The Legality of Affiliate Marketing
Affiliate marketing is still somewhat of a new concept, even though its roots can be traced back to the 1990’s when retailers created platforms in order to analyze third-party online referrals in order to provide financial commissions for sales. Remember what the online world was like in 1995? While commissionable transactions were nothing new even in the year Clueless first came out, turning such a time tested model into one that fit into a blossoming digital era was a challenge.
First of all, there were no geo boundaries for the US tax nexus to oversee. There were marketing rights found in other countries and as in person transactions faded into the abyss, lawmakers began scrambling to make sense of it all. Now, online (only) retailers are booming but they also need to know what kind of legal issues they may face. So far, no clear legislation has been made to keep up with an ever-changing eCommerce industry, but there are three primary legal concerns retailers and affiliate marketers should consider more closely.
Untangling the tax nexus
Before the internet, sales taxes were pretty easy to levy on companies and were held within state borders. As a manufacturer or retailer, you either made or sold goods in a certain state, and you were taxed accordingly. But with eCommerce, retailers are free to sell to anyone and it’s very tough to require the remittance of taxes to states, cities or counties. At first, that wasn’t a huge issue for local and state governments since eCommerce was such a niche industry but that’s changed.
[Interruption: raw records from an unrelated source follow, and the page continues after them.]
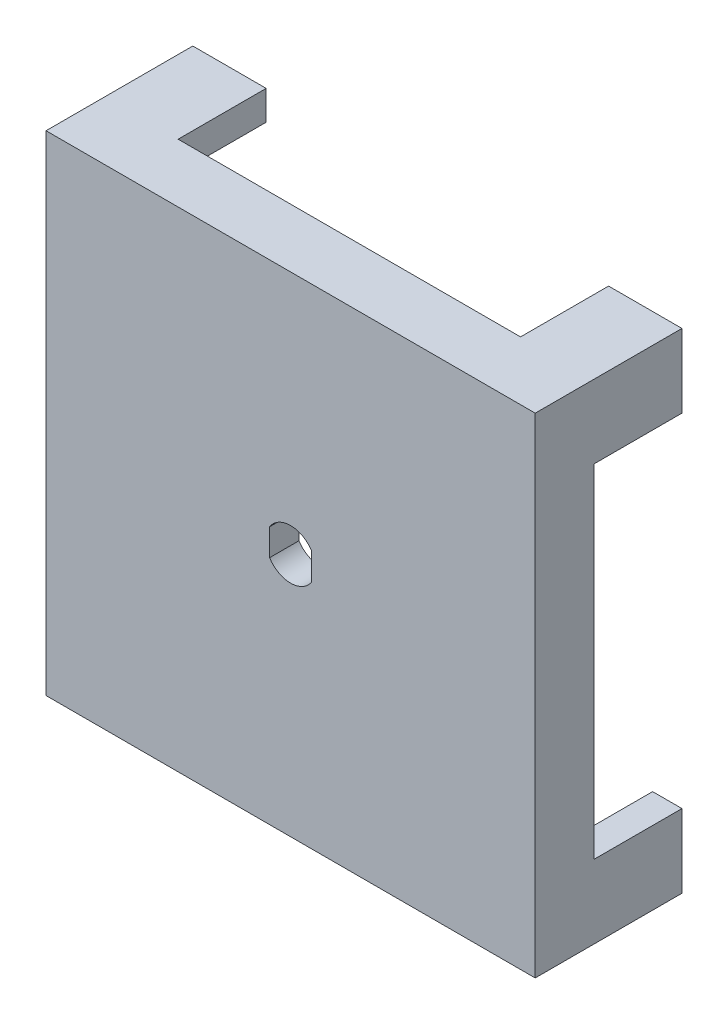
from build123d import *

# Parameters (mm, degrees)
SKETCH1_W               = 50
SKETCH1_H               = 50
BOSS_EXTRUDE1_DEPTH     = 15
SHELL1_T                = -3
CUT_EXTRUDE1_DEPTH      = 1
CUT_EXTRUDE1_DEPTH_BACK = 16
CUT_EXTRUDE2_DEPTH      = 9


with BuildPart() as part:
    # Sketch1 → Boss-Extrude1 (new body)
    with BuildSketch(Plane.XY):
        Rectangle(SKETCH1_W, SKETCH1_H)
    extrude(amount=BOSS_EXTRUDE1_DEPTH)

    # Shell1
    shell1_openings = [part.faces().sort_by_distance(p)[0] for p in [
        (0, 0, 0),
    ]]
    offset(amount=SHELL1_T, openings=shell1_openings, kind=Kind.INTERSECTION)

    # Sketch2 → Cut-Extrude1 (cut, two sides)
    with BuildSketch(Plane(origin=(0, 0, 0), x_dir=(-1, 0, 0), z_dir=(0, 0, -1))) as cut_extrude1_sk:
        with BuildLine():
            Line((-2.15, 1.37113092), (-2.15, -1.37113092))
            ThreePointArc((-2.15, -1.37113092), (0, -2.55), (2.15, -1.37113092))
            Line((2.15, -1.37113092), (2.15, 1.37113092))
            ThreePointArc((2.15, 1.37113092), (0, 2.55), (-2.15, 1.37113092))
        make_face()
    extrude(amount=CUT_EXTRUDE1_DEPTH, mode=Mode.SUBTRACT)
    extrude(cut_extrude1_sk.sketch, amount=-CUT_EXTRUDE1_DEPTH_BACK, mode=Mode.SUBTRACT)

    # Sketch4 → Cut-Extrude2 (cut)
    with BuildSketch(Plane(origin=(0, 0, 0), x_dir=(-1, 0, 0), z_dir=(0, 0, -1))):
        Polygon((-17.5, 17.5), (-17.5, 27.948399717), (17.5, 27.948399717), (17.5, 17.5), (26.941451912, 17.5), (26.941451912, -17.5), (17.5, -17.5), (17.5, -27.948399717), (-17.5, -27.948399717), (-17.5, -17.5), (-26.941451912, -17.5), (-26.941451912, 17.5), align=None)
    extrude(amount=-CUT_EXTRUDE2_DEPTH, mode=Mode.SUBTRACT)


solid = part.part

Now, eCommerce is slated to overtake brick and mortar operations, and the amount of sales taxes being paid simply doesn’t add up. As such, a number of legislators are drafting bills in order to call affiliates a veritable “extension” of a retailers sales team since that would be an easy way to fix the “physical nexus requirements” called for with taxation (and thus boost the revenue of sales tax).
Tackling affiliate disclosure
The Federal Trade Commission (FTC) created new disclosure of advertising guidelines in 2013 that encompassed social media and blogs in an effort to rope in affiliate marketing. In the guidelines, it’s stated that any blogger or social media guru who gets incentives (monetary or otherwise) for promoting just about anything (service, product or brand) has to make that information public. In other words, if you rely on an affiliate to send traffic your way from SM posts of blogs, you also have to follow these rules. However, critics say the system is skewed since penalties are steeper for retailers than affiliates.
Plus, these guidelines simply haven’t been well received or rampantly adopted. In 2011, there was a ruling that Legacy Learning Systems (a company that offers guitar lessons) was guilty of “deceptive advertising.” This happened when an affiliate pretended to be real students posting false reviews. The company was charged $250,000.
Direct marketing to our neighbors up north
The third legal issue involves the Anti-Spam Legislation in Canada, effective in July 2014. This is considered the most aggressive anti-spam law global (so far). Implied consent comes with a detailed definition in order to protect consumers from any sort of spam. To establish implied consent with an existing business relationship, the consumer must have made a purchase or agreed to a business opportunity, been part of a contract with the business in the past two years, or inquire about an application for a purchase or business opportunity in the last six months.
Maybe Canada has things right with these laws. How they’ll impact US retailers is yet to be seen.